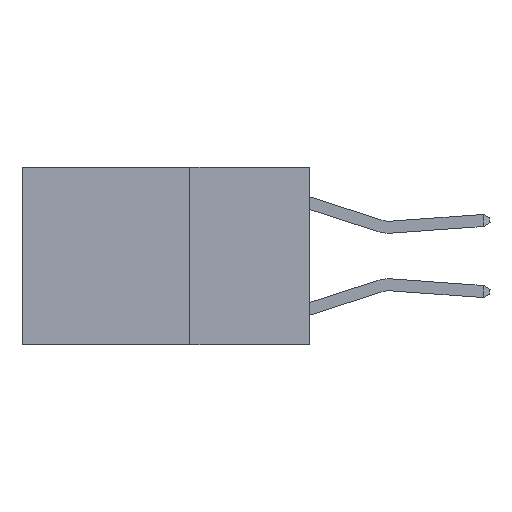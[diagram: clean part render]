
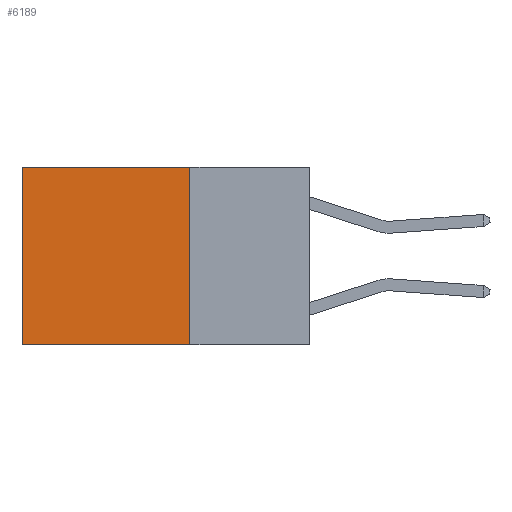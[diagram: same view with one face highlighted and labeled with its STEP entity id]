
A CAD part, left-side view. The second image highlights one B-rep face of the part: STEP entity #6189.
In plain terms, the highlighted planar face has unit normal (-1, 0, 0).
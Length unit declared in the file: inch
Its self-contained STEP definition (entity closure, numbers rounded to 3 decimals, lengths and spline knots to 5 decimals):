
#323 = ORIENTED_EDGE ( 'NONE', *, *, #10544, .T. ) ;
#1205 = ORIENTED_EDGE ( 'NONE', *, *, #8240, .F. ) ;
#1298 = VERTEX_POINT ( 'NONE', #9478 ) ;
#1827 = CARTESIAN_POINT ( 'NONE',  ( 0.2625, 0.25, 0. ) ) ;
#2792 = VERTEX_POINT ( 'NONE', #5939 ) ;
#3326 = LINE ( 'NONE', #9983, #6860 ) ;
#3364 = VECTOR ( 'NONE', #9220, 39.37008 ) ;
#3519 = DIRECTION ( 'NONE',  ( 0., 0., -1. ) ) ;
#4260 = CARTESIAN_POINT ( 'NONE',  ( 0.2625, 0.25, -0.37 ) ) ;
#4332 = FACE_OUTER_BOUND ( 'NONE', #8768, .T. ) ;
#4676 = EDGE_CURVE ( 'NONE', #10719, #2792, #6571, .T. ) ;
#4702 = LINE ( 'NONE', #6314, #6741 ) ;
#5798 = DIRECTION ( 'NONE',  ( 0., 0., -1. ) ) ;
#5939 = CARTESIAN_POINT ( 'NONE',  ( 0.2625, 0.6, -0.37 ) ) ;
#6092 = EDGE_CURVE ( 'NONE', #6260, #1298, #3326, .T. ) ;
#6189 = ADVANCED_FACE ( 'NONE', ( #4332 ), #9262, .F. ) ;
#6260 = VERTEX_POINT ( 'NONE', #7903 ) ;
#6314 = CARTESIAN_POINT ( 'NONE',  ( 0.2625, 0.25, 0. ) ) ;
#6571 = LINE ( 'NONE', #8244, #8788 ) ;
#6585 = DIRECTION ( 'NONE',  ( 1., 0., 0. ) ) ;
#6698 = CARTESIAN_POINT ( 'NONE',  ( 0.2625, 0.6, 0. ) ) ;
#6741 = VECTOR ( 'NONE', #8824, 39.37008 ) ;
#6860 = VECTOR ( 'NONE', #3519, 39.37008 ) ;
#7903 = CARTESIAN_POINT ( 'NONE',  ( 0.2625, 0.25, 0. ) ) ;
#8141 = AXIS2_PLACEMENT_3D ( 'NONE', #1827, #6585, #8372 ) ;
#8240 = EDGE_CURVE ( 'NONE', #1298, #2792, #10933, .T. ) ;
#8244 = CARTESIAN_POINT ( 'NONE',  ( 0.2625, 0.6, 0. ) ) ;
#8372 = DIRECTION ( 'NONE',  ( 0., 0., -1. ) ) ;
#8768 = EDGE_LOOP ( 'NONE', ( #10062, #1205, #9227, #323 ) ) ;
#8788 = VECTOR ( 'NONE', #5798, 39.37008 ) ;
#8824 = DIRECTION ( 'NONE',  ( 0., 1., 0. ) ) ;
#9220 = DIRECTION ( 'NONE',  ( 0., 1., 0. ) ) ;
#9227 = ORIENTED_EDGE ( 'NONE', *, *, #6092, .F. ) ;
#9262 = PLANE ( 'NONE',  #8141 ) ;
#9478 = CARTESIAN_POINT ( 'NONE',  ( 0.2625, 0.25, -0.37 ) ) ;
#9983 = CARTESIAN_POINT ( 'NONE',  ( 0.2625, 0.25, 0. ) ) ;
#10062 = ORIENTED_EDGE ( 'NONE', *, *, #4676, .T. ) ;
#10544 = EDGE_CURVE ( 'NONE', #6260, #10719, #4702, .T. ) ;
#10719 = VERTEX_POINT ( 'NONE', #6698 ) ;
#10933 = LINE ( 'NONE', #4260, #3364 ) ;

________________

■ TASK BRIEF
Return each record above as it stands. Pictures stay out.

■ RESPONSE
[diagram: clean part render]
[diagram: same view with one face highlighted and labeled with its STEP entity id]
A CAD part, left-side view. The second image highlights one B-rep face of the part: STEP entity #6189.
In plain terms, the highlighted planar face has unit normal (-1, 0, 0).
Length unit declared in the file: inch
Its self-contained STEP definition (entity closure, numbers rounded to 3 decimals, lengths and spline knots to 5 decimals):
#323 = ORIENTED_EDGE ( 'NONE', *, *, #10544, .T. ) ;
#1205 = ORIENTED_EDGE ( 'NONE', *, *, #8240, .F. ) ;
#1298 = VERTEX_POINT ( 'NONE', #9478 ) ;
#1827 = CARTESIAN_POINT ( 'NONE',  ( 0.2625, 0.25, 0. ) ) ;
#2792 = VERTEX_POINT ( 'NONE', #5939 ) ;
#3326 = LINE ( 'NONE', #9983, #6860 ) ;
#3364 = VECTOR ( 'NONE', #9220, 39.37008 ) ;
#3519 = DIRECTION ( 'NONE',  ( 0., 0., -1. ) ) ;
#4260 = CARTESIAN_POINT ( 'NONE',  ( 0.2625, 0.25, -0.37 ) ) ;
#4332 = FACE_OUTER_BOUND ( 'NONE', #8768, .T. ) ;
#4676 = EDGE_CURVE ( 'NONE', #10719, #2792, #6571, .T. ) ;
#4702 = LINE ( 'NONE', #6314, #6741 ) ;
#5798 = DIRECTION ( 'NONE',  ( 0., 0., -1. ) ) ;
#5939 = CARTESIAN_POINT ( 'NONE',  ( 0.2625, 0.6, -0.37 ) ) ;
#6092 = EDGE_CURVE ( 'NONE', #6260, #1298, #3326, .T. ) ;
#6189 = ADVANCED_FACE ( 'NONE', ( #4332 ), #9262, .F. ) ;
#6260 = VERTEX_POINT ( 'NONE', #7903 ) ;
#6314 = CARTESIAN_POINT ( 'NONE',  ( 0.2625, 0.25, 0. ) ) ;
#6571 = LINE ( 'NONE', #8244, #8788 ) ;
#6585 = DIRECTION ( 'NONE',  ( 1., 0., 0. ) ) ;
#6698 = CARTESIAN_POINT ( 'NONE',  ( 0.2625, 0.6, 0. ) ) ;
#6741 = VECTOR ( 'NONE', #8824, 39.37008 ) ;
#6860 = VECTOR ( 'NONE', #3519, 39.37008 ) ;
#7903 = CARTESIAN_POINT ( 'NONE',  ( 0.2625, 0.25, 0. ) ) ;
#8141 = AXIS2_PLACEMENT_3D ( 'NONE', #1827, #6585, #8372 ) ;
#8240 = EDGE_CURVE ( 'NONE', #1298, #2792, #10933, .T. ) ;
#8244 = CARTESIAN_POINT ( 'NONE',  ( 0.2625, 0.6, 0. ) ) ;
#8372 = DIRECTION ( 'NONE',  ( 0., 0., -1. ) ) ;
#8768 = EDGE_LOOP ( 'NONE', ( #10062, #1205, #9227, #323 ) ) ;
#8788 = VECTOR ( 'NONE', #5798, 39.37008 ) ;
#8824 = DIRECTION ( 'NONE',  ( 0., 1., 0. ) ) ;
#9220 = DIRECTION ( 'NONE',  ( 0., 1., 0. ) ) ;
#9227 = ORIENTED_EDGE ( 'NONE', *, *, #6092, .F. ) ;
#9262 = PLANE ( 'NONE',  #8141 ) ;
#9478 = CARTESIAN_POINT ( 'NONE',  ( 0.2625, 0.25, -0.37 ) ) ;
#9983 = CARTESIAN_POINT ( 'NONE',  ( 0.2625, 0.25, 0. ) ) ;
#10062 = ORIENTED_EDGE ( 'NONE', *, *, #4676, .T. ) ;
#10544 = EDGE_CURVE ( 'NONE', #6260, #10719, #4702, .T. ) ;
#10719 = VERTEX_POINT ( 'NONE', #6698 ) ;
#10933 = LINE ( 'NONE', #4260, #3364 ) ;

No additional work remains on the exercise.